** Supplied data follows **

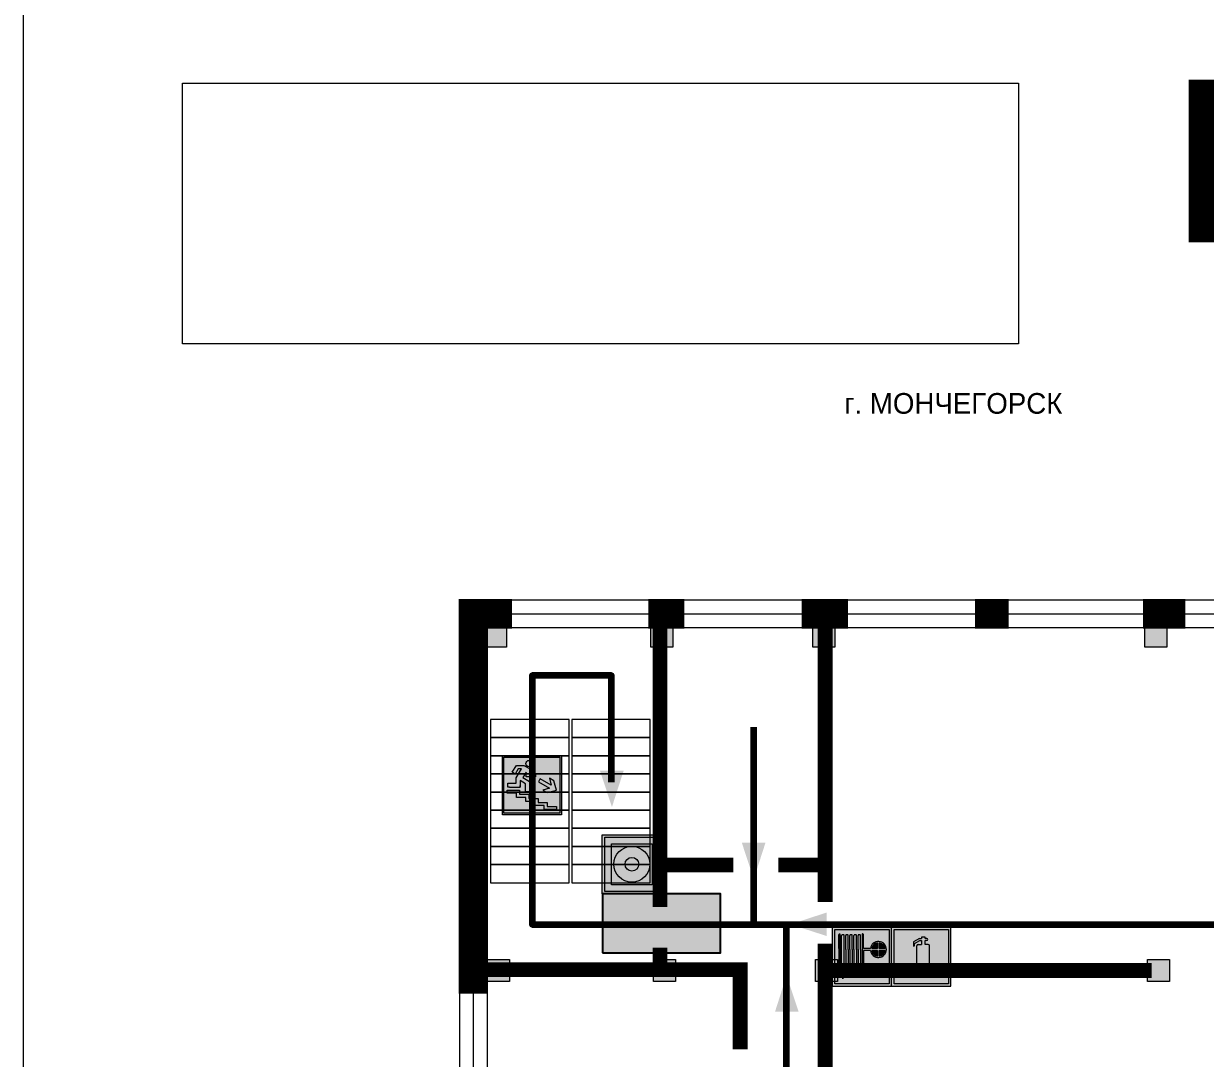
# Model space of a CAD drawing. Header units: millimetres. Extents: x 13810 to 67229, y 12374 to 21950.
# Drawn here: x 24824.8 to 24984.7, y 14792.6 to 14932.6 of the extents above; entities that cross this region are included whole.
import ezdxf

# ---------------------------------------------------------------- set-up
doc = ezdxf.new("R2010")
doc.units = ezdxf.units.MM
doc.layers.add('План_Штампы', color=7, linetype='Continuous')
doc.styles.add('обычный', font='arial.ttf')
picture_1 = doc.add_image_def('image1.jpg', size_in_pixel=(337, 105))

# ---------------------------------------------------------------- blocks, each defined once
blk = doc.blocks.new('A$C7B4425F7')
at = {"true_color": 0xffffff}
blk.add_hatch(color=7, dxfattribs=at).paths.add_polyline_path([(0, 0), (-16, 0), (-16, -8), (0, -8)])
h = blk.add_hatch(color=126)
h.paths.add_polyline_path([(-0.2, -0.2), (-15.8, -0.2), (-15.8, -7.8), (-0.2, -7.8)])
h.paths.add_polyline_path([(-11.76, -2.03), (-11.76, -3.66), (-11.17, -3.66, -0.568275), (-11.17, -6.18), (-12.58, -6.18), (-12.58, -2.03)], flags=16)
h.paths.add_polyline_path([(-13.33, -4.12, -0.495768), (-13.59, -6.18), (-15.03, -6.18), (-15.03, -2.03), (-13.59, -2.03, -0.487973)], flags=16)
h.paths.add_polyline_path([(-10.25, -2.03), (-9.48, -2.03), (-9.48, -6.18), (-10.25, -6.18)], flags=16)
h.paths.add_polyline_path([(-13.84, -3.69), (-14.24, -3.69), (-14.24, -3.03), (-13.9, -3.03, -0.692621)], flags=0)
h.paths.add_polyline_path([(-9.15, -2.03), (-8.4, -2.03), (-8.04, -3.07), (-7.68, -2.03), (-6.93, -2.03), (-7.64, -4.1), (-6.93, -6.18), (-7.68, -6.18), (-8.04, -5.14), (-8.4, -6.18), (-9.15, -6.18), (-8.44, -4.1)], flags=16)
h.paths.add_polyline_path([(-11.76, -4.46), (-11.42, -4.46, -0.692621), (-11.36, -5.12), (-11.76, -5.12)], flags=0)
h.paths.add_polyline_path([(-13.9, -5.2), (-14.24, -5.2), (-14.24, -4.55), (-13.84, -4.55, -0.708038)], flags=0)
edge = h.paths.add_edge_path(flags=16)
edge.add_ellipse((-5.51, -4.08), major_axis=(0, 2.05), ratio=0.586184, start_angle=0, end_angle=360)
edge = h.paths.add_edge_path(flags=0)
edge.add_ellipse((-5.51, -4.08), major_axis=(0, 1.14), ratio=0.454828, start_angle=0, end_angle=360)
h.paths.add_polyline_path([(-4.13, -4.96, 0.377264), (-3.48, -4.52, 0.0555), (-3.16, -2.03), (-1.66, -2.03), (-1.66, -4.96), (-0.96, -4.96), (-0.96, -7.01), (-1.75, -7.01), (-1.75, -6.18), (-3.3, -6.18), (-3.3, -7.02), (-4.13, -7.02)], flags=16)
h.paths.add_polyline_path([(-2.73, -2.91), (-2.28, -2.91), (-2.28, -4.96), (-3.05, -4.96, 0.079136)], flags=0)
at = {"color": 126}
blk.add_lwpolyline([(-16, -8), (0, -8), (0, 0), (-16, 0)], close=True, dxfattribs=at)
blk = doc.blocks.new('вниз')
at = {"lineweight": 0, "true_color": 0xffffff}
h = blk.add_hatch(color=7, dxfattribs=at)
h.dxf.hatch_style = 1
h.paths.add_polyline_path([(40994.51, -4472.22), (40986.51, -4472.22), (40986.51, -4480.22), (40994.51, -4480.22)])
h.paths.add_polyline_path([(40994.31, -4472.42), (40994.31, -4480.01), (40986.71, -4480.01), (40986.71, -4472.42)], flags=16)
h.paths.add_polyline_path([(40988.43, -4473.53), (40989.43, -4473.53), (40990.19, -4473.96), (40990.19, -4474.6), (40991, -4474.6), (40991, -4475.06), (40989.73, -4475.06), (40989.73, -4474.46), (40989.3, -4475.18), (40990.17, -4475.7), (40990.17, -4477.11), (40989.63, -4477.11), (40989.63, -4476.01), (40988.94, -4475.59), (40988.94, -4476.46), (40988.94, -4476.46), (40987.47, -4476.46), (40987.26, -4476.46), (40987.26, -4475.92), (40988.4, -4475.92), (40988.4, -4475.2), (40989.1, -4473.99), (40988.66, -4473.99), (40988.24, -4474.7), (40987.86, -4474.47), (40988.41, -4473.56)], flags=0)
h.paths.add_polyline_path([(40990.55, -4473.29, -1), (40989.69, -4473.29, -1)], flags=0)
h.paths.add_polyline_path([(40988.85, -4476.89), (40988.85, -4477.43), (40990.1, -4477.43), (40990.1, -4477.99), (40991.34, -4477.99), (40991.34, -4478.54), (40992.59, -4478.54), (40992.59, -4479.09), (40993.83, -4479.09), (40993.83, -4479.52), (40992.17, -4479.52), (40992.17, -4478.97), (40990.91, -4478.97), (40990.91, -4478.41), (40989.68, -4478.41), (40989.68, -4477.86), (40988.43, -4477.86), (40988.43, -4477.31), (40987.6, -4477.31), (40987.18, -4477.31), (40987.18, -4476.89)], flags=0)
h.paths.add_polyline_path([(40991.61, -4475.33), (40993.12, -4476.2), (40992.9, -4475.27), (40993.48, -4475.6), (40993.83, -4476.88), (40992.56, -4477.22), (40991.97, -4476.88), (40992.9, -4476.61), (40991.38, -4475.74), (40991.58, -4475.39)], flags=0)
h.paths.add_polyline_path([(40990.19, -4473.96), (40989.43, -4473.53), (40988.43, -4473.53), (40988.41, -4473.56), (40987.86, -4474.47), (40988.24, -4474.7), (40988.66, -4473.99), (40989.1, -4473.99), (40988.4, -4475.2), (40988.4, -4475.92), (40987.26, -4475.92), (40987.26, -4476.46), (40987.47, -4476.46), (40988.94, -4476.46), (40988.94, -4476.27), (40988.94, -4475.59), (40989.63, -4476.01), (40989.63, -4477.11), (40990.17, -4477.11), (40990.17, -4475.7), (40989.3, -4475.18), (40989.73, -4474.46), (40989.73, -4475.06), (40991, -4475.06), (40991, -4474.6), (40990.19, -4474.6)], flags=0)
h.paths.add_polyline_path([(40990.55, -4473.29, 1), (40989.69, -4473.29, 1)], flags=0)
h.paths.add_polyline_path([(40991.61, -4475.33), (40991.58, -4475.39), (40991.38, -4475.74), (40992.9, -4476.61), (40991.97, -4476.88), (40992.56, -4477.22), (40993.83, -4476.88), (40993.48, -4475.6), (40992.9, -4475.27), (40993.12, -4476.2)], flags=0)
h.paths.add_polyline_path([(40990.1, -4477.43), (40988.85, -4477.43), (40988.85, -4476.89), (40987.18, -4476.89), (40987.18, -4477.31), (40987.6, -4477.31), (40988.43, -4477.31), (40988.43, -4477.86), (40989.68, -4477.86), (40989.68, -4478.41), (40990.91, -4478.41), (40990.91, -4478.97), (40992.17, -4478.97), (40992.17, -4479.52), (40993.83, -4479.52), (40993.83, -4479.09), (40992.59, -4479.09), (40992.59, -4478.54), (40991.34, -4478.54), (40991.34, -4477.99), (40990.1, -4477.99)], flags=0)
at = {"lineweight": 0}
h = blk.add_hatch(color=126, dxfattribs=at)
h.dxf.hatch_style = 1
h.paths.add_polyline_path([(40994.31, -4472.42), (40986.71, -4472.42), (40986.71, -4480.01), (40994.31, -4480.01)])
h.paths.add_polyline_path([(40988.43, -4473.53), (40989.43, -4473.53), (40990.19, -4473.96), (40990.19, -4474.6), (40991, -4474.6), (40991, -4475.06), (40989.73, -4475.06), (40989.73, -4474.46), (40989.3, -4475.18), (40990.17, -4475.7), (40990.17, -4477.11), (40989.63, -4477.11), (40989.63, -4476.01), (40988.94, -4475.59), (40988.94, -4476.46), (40988.94, -4476.46), (40987.47, -4476.46), (40987.26, -4476.46), (40987.26, -4475.92), (40988.4, -4475.92), (40988.4, -4475.2), (40989.1, -4473.99), (40988.66, -4473.99), (40988.24, -4474.7), (40987.86, -4474.47), (40988.41, -4473.56)], flags=16)
h.paths.add_polyline_path([(40990.55, -4473.29, -1), (40989.69, -4473.29, -1)], flags=16)
h.paths.add_polyline_path([(40988.85, -4476.89), (40988.85, -4477.43), (40990.1, -4477.43), (40990.1, -4477.99), (40991.34, -4477.99), (40991.34, -4478.54), (40992.59, -4478.54), (40992.59, -4479.09), (40993.83, -4479.09), (40993.83, -4479.52), (40992.17, -4479.52), (40992.17, -4478.97), (40990.91, -4478.97), (40990.91, -4478.41), (40989.68, -4478.41), (40989.68, -4477.86), (40988.43, -4477.86), (40988.43, -4477.31), (40987.6, -4477.31), (40987.18, -4477.31), (40987.18, -4476.89)], flags=16)
h.paths.add_polyline_path([(40991.61, -4475.33), (40993.12, -4476.2), (40992.9, -4475.27), (40993.48, -4475.6), (40993.83, -4476.88), (40992.56, -4477.22), (40991.97, -4476.88), (40992.9, -4476.61), (40991.38, -4475.74), (40991.58, -4475.39)], flags=16)
at = {"lineweight": 0, "true_color": 0xffffff}
h = blk.add_hatch(color=7, dxfattribs=at)
h.dxf.hatch_style = 1
h.paths.add_polyline_path([(40989.73, -4474.46), (40989.73, -4475.06), (40991, -4475.06), (40991, -4474.6), (40990.19, -4474.6), (40990.19, -4473.96), (40989.43, -4473.53), (40988.43, -4473.53), (40988.41, -4473.56), (40987.86, -4474.47), (40988.24, -4474.7), (40988.66, -4473.99), (40989.1, -4473.99), (40988.4, -4475.2), (40988.4, -4475.92), (40987.26, -4475.92), (40987.26, -4476.46), (40987.47, -4476.46), (40988.94, -4476.46), (40988.94, -4475.59), (40989.63, -4476.01), (40989.63, -4477.11), (40990.17, -4477.11), (40990.17, -4475.7), (40989.3, -4475.18)])
h.paths.add_polyline_path([(40989.69, -4473.29, 1), (40990.55, -4473.29, 1)])
h.paths.add_polyline_path([(40991.61, -4475.33), (40991.58, -4475.39), (40991.38, -4475.74), (40992.9, -4476.61), (40991.97, -4476.88), (40992.56, -4477.22), (40993.83, -4476.88), (40993.48, -4475.6), (40992.9, -4475.27), (40993.12, -4476.2)])
h.paths.add_polyline_path([(40990.1, -4477.43), (40988.85, -4477.43), (40988.85, -4476.89), (40987.18, -4476.89), (40987.18, -4477.31), (40987.6, -4477.31), (40988.43, -4477.31), (40988.43, -4477.86), (40989.68, -4477.86), (40989.68, -4478.41), (40990.91, -4478.41), (40990.91, -4478.97), (40992.17, -4478.97), (40992.17, -4479.52), (40993.83, -4479.52), (40993.83, -4479.09), (40992.59, -4479.09), (40992.59, -4478.54), (40991.34, -4478.54), (40991.34, -4477.99), (40990.1, -4477.99)])
at = {"color": 126, "lineweight": 0}
for points in [[(40986.51, -4472.22), (40994.51, -4472.22), (40994.51, -4480.22), (40986.51, -4480.22)], [(40986.71, -4472.42), (40994.31, -4472.42), (40994.31, -4480.01), (40986.71, -4480.01)]]:
    blk.add_lwpolyline(points, close=True, dxfattribs=at)
for points in [[(40987.47, -4476.46), (40987.26, -4476.46), (40987.26, -4475.92), (40988.4, -4475.92), (40988.4, -4475.2), (40989.1, -4473.99), (40988.66, -4473.99), (40988.24, -4474.7), (40987.86, -4474.47), (40988.41, -4473.56), (40988.43, -4473.53), (40989.43, -4473.53), (40990.19, -4473.96), (40990.19, -4474.6), (40991, -4474.6), (40991, -4475.06), (40989.73, -4475.06), (40989.73, -4474.46), (40989.3, -4475.18), (40990.17, -4475.7), (40990.17, -4477.11), (40989.63, -4477.11), (40989.63, -4476.01), (40988.94, -4475.59), (40988.94, -4476.46)], [(40987.47, -4476.46), (40988.94, -4476.46), (40988.94, -4476.27)], [(40991.58, -4475.39), (40991.38, -4475.74), (40992.9, -4476.61), (40991.97, -4476.88), (40992.56, -4477.22), (40993.83, -4476.88), (40993.48, -4475.6), (40992.9, -4475.27), (40993.12, -4476.2), (40991.61, -4475.33), (40991.58, -4475.39)], [(40987.6, -4477.31), (40987.18, -4477.31), (40987.18, -4476.89), (40988.85, -4476.89), (40988.85, -4477.43), (40990.1, -4477.43), (40990.1, -4477.99), (40991.34, -4477.99), (40991.34, -4478.54), (40992.59, -4478.54), (40992.59, -4479.09), (40993.83, -4479.09), (40993.83, -4479.52), (40992.17, -4479.52), (40992.17, -4478.97), (40990.91, -4478.97), (40990.91, -4478.41), (40989.68, -4478.41), (40989.68, -4477.86), (40988.43, -4477.86), (40988.43, -4477.31), (40987.6, -4477.31)]]:
    blk.add_lwpolyline(points, dxfattribs=at)
blk.add_circle((40990.12, -4473.29), 0.432, dxfattribs=at)
blk = doc.blocks.new('A$C54414219')
at = {"true_color": 0xffffff}
h = blk.add_hatch(color=7, dxfattribs=at)
h.paths.add_polyline_path([(2.39, -9.45), (2.39, -18.3), (11.23, -18.3), (11.23, -9.45)], flags=0)
h.paths.add_polyline_path([(10.71, -13.87, -1), (2.92, -13.87, -1)], flags=0)
h.paths.add_polyline_path([(8.3, -13.87, -1), (5.33, -13.87, -1)], flags=0)
h.paths.add_polyline_path([(0.41, -7.47), (0.41, -20.27), (13.21, -20.27), (13.21, -7.47)])
h.paths.add_polyline_path([(0.92, -19.77), (12.71, -19.77), (12.71, -7.98), (0.92, -7.98)], flags=16)
h.paths.add_polyline_path([(11.23, -9.45), (11.23, -18.3), (2.39, -18.3), (2.39, -9.45)], flags=0)
at = {"lineweight": 5}
h = blk.add_hatch(color=242, dxfattribs=at)
h.paths.add_polyline_path([(12.71, -7.98), (0.92, -7.98), (0.92, -19.77), (12.71, -19.77)])
h.paths.add_polyline_path([(11.23, -18.3), (2.39, -18.3), (2.39, -9.45), (11.23, -9.45)], flags=16)
h.paths.add_polyline_path([(10.71, -13.87, -1), (2.92, -13.87, -1)], flags=0)
h.paths.add_polyline_path([(8.3, -13.87, -1), (5.33, -13.87, -1)], flags=0)
at = {"true_color": 0xffffff}
h = blk.add_hatch(color=7, dxfattribs=at)
h.paths.add_polyline_path([(2.39, -9.45), (2.39, -18.3), (11.23, -18.3), (11.23, -9.45)])
h.paths.add_polyline_path([(10.71, -13.87, -1), (2.92, -13.87, -1)], flags=16)
h.paths.add_polyline_path([(8.3, -13.87, -1), (5.33, -13.87, -1)], flags=0)
at = {"lineweight": 5}
h = blk.add_hatch(color=242, dxfattribs=at)
h.paths.add_polyline_path([(2.92, -13.87, 1), (10.71, -13.87, 1)])
h.paths.add_polyline_path([(8.3, -13.87, -1), (5.33, -13.87, -1)], flags=16)
at = {"color": 242, "lineweight": 5}
for p, q in [((0.41, -20.27), (0.41, -7.47)), ((0.41, -7.47), (13.21, -7.47)), ((0.41, -7.47), (13.21, -7.47)), ((13.21, -20.27), (13.21, -7.47)), ((0.41, -20.27), (13.21, -20.27))]:
    blk.add_line(p, q, dxfattribs=at)
for points in [[(0.92, -7.98), (12.71, -7.98), (12.71, -19.77), (0.92, -19.77)], [(2.39, -9.45), (11.23, -9.45), (11.23, -18.3), (2.39, -18.3)]]:
    blk.add_lwpolyline(points, close=True, dxfattribs=at)
for radius in [3.89, 1.49]:
    blk.add_circle((6.81, -13.87), radius, dxfattribs=at)
blk = doc.blocks.new('A$C37112FD5')
at = {"true_color": 0xf5f5ff}
h = blk.add_hatch(color=7, dxfattribs=at)
h.dxf.hatch_style = 1
h.paths.add_polyline_path([(12.8, -7.4), (0, -7.4), (0, -20.2), (12.8, -20.2)])
h.paths.add_polyline_path([(12.29, -7.91), (12.29, -19.69), (0.51, -19.69), (0.51, -7.91)], flags=16)
h.paths.add_polyline_path([(4.98, -9.04, -0.42597), (5.17, -9.22), (5.17, -12.25), (5.17, -15.29, -0.432244), (4.98, -15.47), (4.83, -15.47, -0.42597), (4.64, -15.29), (4.64, -12.25), (4.64, -9.22, -0.432244), (4.83, -9.04)], flags=0)
h.paths.add_polyline_path([(4.28, -9.22), (4.28, -12.25), (4.28, -15.29, -0.432244), (4.09, -15.47), (3.94, -15.47, -0.42597), (3.75, -15.29), (3.75, -12.25), (3.75, -9.22, -0.432244), (3.94, -9.04), (4.09, -9.04, -0.42597)], flags=0)
h.paths.add_polyline_path([(5.72, -9.04), (5.87, -9.04, -0.42597), (6.06, -9.22), (6.06, -12.25), (6.06, -15.29, -0.432244), (5.87, -15.47), (5.72, -15.47, -0.42597), (5.53, -15.29), (5.53, -12.25), (5.53, -9.22, -0.432244)], flags=0)
h.paths.add_polyline_path([(6.42, -8.9), (6.5, -8.9, -0.42597), (6.69, -9.08), (6.69, -12.03), (8.21, -12.03, -15.824349), (8.21, -12.47), (6.69, -12.47), (6.69, -15.42, -0.432244), (6.5, -15.6), (6.42, -15.6)], flags=0)
h.paths.add_polyline_path([(3.39, -9.22), (3.39, -12.25), (3.39, -15.29, -0.432244), (3.2, -15.47), (3.05, -15.47, -0.42597), (2.85, -15.29), (2.85, -12.25), (2.85, -9.22, -0.432244), (3.05, -9.04), (3.2, -9.04, -0.42597)], flags=0)
h.paths.add_polyline_path([(2.5, -9.22), (2.5, -16.71), (1.96, -16.71), (1.96, -9.22, -0.432244), (2.15, -9.04), (2.31, -9.04, -0.42597)], flags=0)
h.paths.add_polyline_path([(1.61, -8.9), (1.61, -15.6), (1.57, -15.6, -0.42597), (1.37, -15.42), (1.37, -12.03), (1.37, -9.09, -0.432244), (1.57, -8.9)], flags=0)
h.paths.add_polyline_path([(9.76, -10.81), (9.76, -12.03), (8.49, -12.03, -0.336371)], flags=0)
h.paths.add_polyline_path([(8.49, -12.47), (9.76, -12.47), (9.76, -13.7, -0.336371)], flags=0)
h.paths.add_polyline_path([(10.11, -10.81, -0.336371), (11.38, -12.03), (10.11, -12.03)], flags=0)
h.paths.add_polyline_path([(10.11, -12.47), (11.38, -12.47, -0.336371), (10.11, -13.7)], flags=0)
h.paths.add_polyline_path([(2.5, -16.84), (2.5, -17.05), (1.97, -17.05), (1.97, -16.84)], flags=0)
h.paths.add_polyline_path([(2.5, -17.24, -0.033778), (2.24, -18.6, -0.033778), (1.97, -17.24)], flags=0)
h = blk.add_hatch(color=242)
h.dxf.hatch_style = 1
h.paths.add_polyline_path([(12.29, -7.91), (0.51, -7.91), (0.51, -19.69), (12.29, -19.69)])
h.paths.add_polyline_path([(6.42, -15.6), (6.42, -8.9), (6.5, -8.9, -0.42597), (6.69, -9.08), (6.69, -12.03), (8.21, -12.03, -15.824349), (8.21, -12.47), (6.69, -12.47), (6.69, -15.42, -0.432244), (6.5, -15.6)], flags=16)
h.paths.add_polyline_path([(5.87, -15.47), (5.72, -15.47, -0.42597), (5.53, -15.29), (5.53, -12.25), (5.53, -9.22, -0.432244), (5.72, -9.04), (5.87, -9.04, -0.42597), (6.06, -9.22), (6.06, -12.25), (6.06, -15.29, -0.432244)], flags=16)
h.paths.add_polyline_path([(4.98, -15.47), (4.83, -15.47, -0.42597), (4.64, -15.29), (4.64, -12.25), (4.64, -9.22, -0.432244), (4.83, -9.04), (4.98, -9.04, -0.42597), (5.17, -9.22), (5.17, -12.25), (5.17, -15.29, -0.432244)], flags=16)
h.paths.add_polyline_path([(4.09, -15.47), (3.94, -15.47, -0.42597), (3.75, -15.29), (3.75, -12.25), (3.75, -9.22, -0.432244), (3.94, -9.04), (4.09, -9.04, -0.42597), (4.28, -9.22), (4.28, -12.25), (4.28, -15.29, -0.432244)], flags=16)
h.paths.add_polyline_path([(3.2, -15.47), (3.05, -15.47, -0.42597), (2.85, -15.29), (2.85, -12.25), (2.85, -9.22, -0.432244), (3.05, -9.04), (3.2, -9.04, -0.42597), (3.39, -9.22), (3.39, -12.25), (3.39, -15.29, -0.432244)], flags=16)
h.paths.add_polyline_path([(2.5, -17.05), (1.97, -17.05), (1.97, -16.84), (2.5, -16.84)], flags=16)
h.paths.add_polyline_path([(2.5, -17.24, -0.033778), (2.24, -18.6, -0.033778), (1.97, -17.24)], flags=16)
h.paths.add_polyline_path([(2.5, -16.71), (1.96, -16.71), (1.96, -9.22, -0.432244), (2.15, -9.04), (2.31, -9.04, -0.42597), (2.5, -9.22)], flags=16)
h.paths.add_polyline_path([(1.61, -15.6), (1.57, -15.6, -0.42597), (1.37, -15.42), (1.37, -12.03), (1.37, -9.09, -0.432244), (1.57, -8.9), (1.61, -8.9)], flags=16)
h.paths.add_polyline_path([(8.49, -12.47), (9.76, -12.47), (9.76, -13.7, -0.336371)], flags=0)
h.paths.add_polyline_path([(10.11, -13.7), (10.11, -12.47), (11.38, -12.47, -0.336371)], flags=0)
h.paths.add_polyline_path([(8.49, -12.03, -0.336371), (9.76, -10.81), (9.76, -12.03)], flags=0)
h.paths.add_polyline_path([(10.11, -12.03), (10.11, -10.81, -0.336371), (11.38, -12.03)], flags=0)
h = blk.add_hatch(color=7, dxfattribs=at)
h.dxf.hatch_style = 1
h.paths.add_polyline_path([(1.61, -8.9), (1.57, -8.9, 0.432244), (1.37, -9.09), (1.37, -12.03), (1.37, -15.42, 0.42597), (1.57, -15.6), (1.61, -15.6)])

** End of Supplied data **

» Task requirements: Among the entries above, locate the lines containing "-20.2), (12.8, -20.2)])" and "(0.51, -7.91)], flags=16)", and transcribe exactly those two lines and all lines between.

» Response to this task:
h.paths.add_polyline_path([(12.8, -7.4), (0, -7.4), (0, -20.2), (12.8, -20.2)])
h.paths.add_polyline_path([(12.29, -7.91), (12.29, -19.69), (0.51, -19.69), (0.51, -7.91)], flags=16)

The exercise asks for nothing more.